(Dataset entries)
******
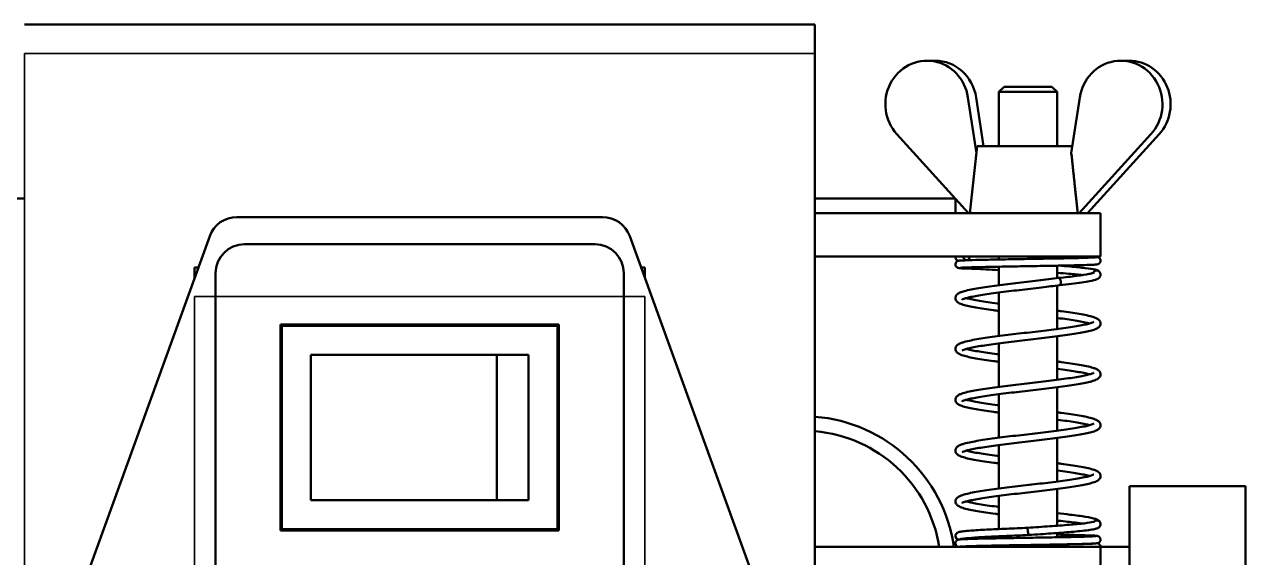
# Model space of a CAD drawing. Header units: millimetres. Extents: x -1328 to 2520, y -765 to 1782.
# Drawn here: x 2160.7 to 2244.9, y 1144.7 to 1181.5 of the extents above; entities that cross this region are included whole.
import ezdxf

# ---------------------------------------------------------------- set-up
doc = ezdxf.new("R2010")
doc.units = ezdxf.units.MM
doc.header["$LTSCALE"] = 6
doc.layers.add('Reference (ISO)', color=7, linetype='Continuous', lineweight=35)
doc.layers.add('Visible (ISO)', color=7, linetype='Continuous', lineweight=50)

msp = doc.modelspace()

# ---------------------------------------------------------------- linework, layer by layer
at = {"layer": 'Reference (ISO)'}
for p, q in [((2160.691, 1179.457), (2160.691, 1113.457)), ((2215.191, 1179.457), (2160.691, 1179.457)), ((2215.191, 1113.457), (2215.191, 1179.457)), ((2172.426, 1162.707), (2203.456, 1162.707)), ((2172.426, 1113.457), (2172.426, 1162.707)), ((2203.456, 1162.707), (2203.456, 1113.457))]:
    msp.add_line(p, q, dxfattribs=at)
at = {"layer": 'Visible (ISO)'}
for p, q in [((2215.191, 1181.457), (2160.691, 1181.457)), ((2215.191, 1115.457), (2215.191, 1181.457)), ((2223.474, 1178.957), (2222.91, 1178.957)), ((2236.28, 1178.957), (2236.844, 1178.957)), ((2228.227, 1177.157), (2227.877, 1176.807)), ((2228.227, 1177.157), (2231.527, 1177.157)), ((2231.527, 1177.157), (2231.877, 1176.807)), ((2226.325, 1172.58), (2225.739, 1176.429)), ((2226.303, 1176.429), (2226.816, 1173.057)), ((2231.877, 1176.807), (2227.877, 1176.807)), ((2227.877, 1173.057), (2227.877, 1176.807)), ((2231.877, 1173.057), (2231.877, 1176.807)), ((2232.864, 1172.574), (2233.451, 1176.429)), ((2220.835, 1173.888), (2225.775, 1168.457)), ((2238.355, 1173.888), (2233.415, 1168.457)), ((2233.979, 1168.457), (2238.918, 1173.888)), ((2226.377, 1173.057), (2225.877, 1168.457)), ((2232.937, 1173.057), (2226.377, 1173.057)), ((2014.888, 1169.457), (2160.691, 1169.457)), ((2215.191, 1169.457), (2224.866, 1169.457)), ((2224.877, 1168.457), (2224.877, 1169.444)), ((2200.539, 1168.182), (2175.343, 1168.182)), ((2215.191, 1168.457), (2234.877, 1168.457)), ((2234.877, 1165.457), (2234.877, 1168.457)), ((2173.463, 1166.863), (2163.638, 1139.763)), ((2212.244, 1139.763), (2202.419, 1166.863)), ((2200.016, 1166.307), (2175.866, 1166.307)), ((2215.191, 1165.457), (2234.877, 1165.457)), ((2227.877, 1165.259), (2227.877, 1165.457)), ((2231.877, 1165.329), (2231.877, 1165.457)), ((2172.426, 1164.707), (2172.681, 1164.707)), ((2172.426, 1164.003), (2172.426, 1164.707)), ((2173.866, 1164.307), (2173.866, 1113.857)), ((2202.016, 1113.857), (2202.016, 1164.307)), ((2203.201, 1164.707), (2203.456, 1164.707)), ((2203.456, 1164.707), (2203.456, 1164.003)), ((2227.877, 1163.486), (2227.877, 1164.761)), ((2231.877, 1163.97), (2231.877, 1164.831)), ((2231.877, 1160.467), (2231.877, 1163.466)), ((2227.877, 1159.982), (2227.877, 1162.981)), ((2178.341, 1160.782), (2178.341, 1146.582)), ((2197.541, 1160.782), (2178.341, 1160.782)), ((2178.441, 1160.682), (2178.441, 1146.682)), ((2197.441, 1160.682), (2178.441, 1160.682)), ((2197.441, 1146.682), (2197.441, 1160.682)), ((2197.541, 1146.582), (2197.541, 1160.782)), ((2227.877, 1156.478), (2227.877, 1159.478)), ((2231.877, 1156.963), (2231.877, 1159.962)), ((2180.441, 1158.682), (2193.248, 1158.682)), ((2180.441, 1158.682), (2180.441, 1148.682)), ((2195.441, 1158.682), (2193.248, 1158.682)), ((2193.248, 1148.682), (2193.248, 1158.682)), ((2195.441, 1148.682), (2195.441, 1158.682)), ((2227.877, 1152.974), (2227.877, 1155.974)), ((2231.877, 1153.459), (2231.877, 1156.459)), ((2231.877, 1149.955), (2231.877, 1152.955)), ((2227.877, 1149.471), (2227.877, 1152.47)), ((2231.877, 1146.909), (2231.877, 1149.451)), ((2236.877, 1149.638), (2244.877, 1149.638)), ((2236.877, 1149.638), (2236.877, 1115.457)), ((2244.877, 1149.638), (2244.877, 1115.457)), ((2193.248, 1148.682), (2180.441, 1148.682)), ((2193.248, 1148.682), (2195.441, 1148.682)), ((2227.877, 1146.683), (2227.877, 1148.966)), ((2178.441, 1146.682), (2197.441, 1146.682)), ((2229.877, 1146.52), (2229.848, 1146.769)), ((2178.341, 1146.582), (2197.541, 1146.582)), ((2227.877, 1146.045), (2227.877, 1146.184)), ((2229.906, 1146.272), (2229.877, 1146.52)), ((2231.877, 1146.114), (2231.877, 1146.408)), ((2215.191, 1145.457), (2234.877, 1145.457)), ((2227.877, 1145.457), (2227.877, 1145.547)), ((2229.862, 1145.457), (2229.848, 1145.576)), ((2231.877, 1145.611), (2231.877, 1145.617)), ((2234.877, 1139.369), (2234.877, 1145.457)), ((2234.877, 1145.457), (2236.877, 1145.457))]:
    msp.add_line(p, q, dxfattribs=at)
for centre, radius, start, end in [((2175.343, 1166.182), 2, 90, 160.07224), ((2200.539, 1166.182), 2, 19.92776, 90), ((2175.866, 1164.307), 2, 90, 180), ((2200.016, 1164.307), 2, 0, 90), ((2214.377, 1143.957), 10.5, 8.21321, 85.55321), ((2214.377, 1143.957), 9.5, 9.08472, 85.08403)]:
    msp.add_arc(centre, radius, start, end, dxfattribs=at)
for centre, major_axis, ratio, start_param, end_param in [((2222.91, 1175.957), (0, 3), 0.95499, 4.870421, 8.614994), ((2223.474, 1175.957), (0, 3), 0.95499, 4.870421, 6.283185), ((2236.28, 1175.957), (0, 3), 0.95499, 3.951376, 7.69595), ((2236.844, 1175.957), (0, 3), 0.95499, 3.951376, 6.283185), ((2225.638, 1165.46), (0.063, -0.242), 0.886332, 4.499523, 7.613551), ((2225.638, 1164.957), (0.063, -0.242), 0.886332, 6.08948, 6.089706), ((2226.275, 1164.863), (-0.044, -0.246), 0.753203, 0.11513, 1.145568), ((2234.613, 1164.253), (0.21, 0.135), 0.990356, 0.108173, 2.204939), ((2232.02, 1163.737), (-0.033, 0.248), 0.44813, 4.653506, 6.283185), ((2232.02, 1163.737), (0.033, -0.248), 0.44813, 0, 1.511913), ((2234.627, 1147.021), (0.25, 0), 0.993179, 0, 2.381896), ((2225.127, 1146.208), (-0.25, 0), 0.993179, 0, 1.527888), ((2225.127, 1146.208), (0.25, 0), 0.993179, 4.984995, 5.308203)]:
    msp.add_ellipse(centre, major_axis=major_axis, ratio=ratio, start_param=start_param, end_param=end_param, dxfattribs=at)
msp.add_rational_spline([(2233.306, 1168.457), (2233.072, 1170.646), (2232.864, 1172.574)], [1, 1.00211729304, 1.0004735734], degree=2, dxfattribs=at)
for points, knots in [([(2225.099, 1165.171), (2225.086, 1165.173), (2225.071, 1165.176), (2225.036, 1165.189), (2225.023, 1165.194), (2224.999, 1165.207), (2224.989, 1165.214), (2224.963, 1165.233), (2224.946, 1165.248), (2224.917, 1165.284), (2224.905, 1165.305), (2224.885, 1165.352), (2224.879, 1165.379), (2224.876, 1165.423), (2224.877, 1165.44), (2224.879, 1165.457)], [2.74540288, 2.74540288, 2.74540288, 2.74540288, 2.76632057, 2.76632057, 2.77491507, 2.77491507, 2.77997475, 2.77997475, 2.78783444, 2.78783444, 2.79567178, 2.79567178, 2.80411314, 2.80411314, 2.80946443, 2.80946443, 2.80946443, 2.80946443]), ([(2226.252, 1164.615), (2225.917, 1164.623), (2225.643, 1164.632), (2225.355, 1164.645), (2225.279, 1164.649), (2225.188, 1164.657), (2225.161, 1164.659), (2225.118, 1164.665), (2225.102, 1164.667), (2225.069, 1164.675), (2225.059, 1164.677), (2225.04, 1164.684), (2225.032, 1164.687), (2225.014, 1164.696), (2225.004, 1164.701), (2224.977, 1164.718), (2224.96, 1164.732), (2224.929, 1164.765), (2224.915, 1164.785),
******
Work out how many lines of the records contain the word "units". Give that number and nothing more.

### FINISHED EXERCISE
2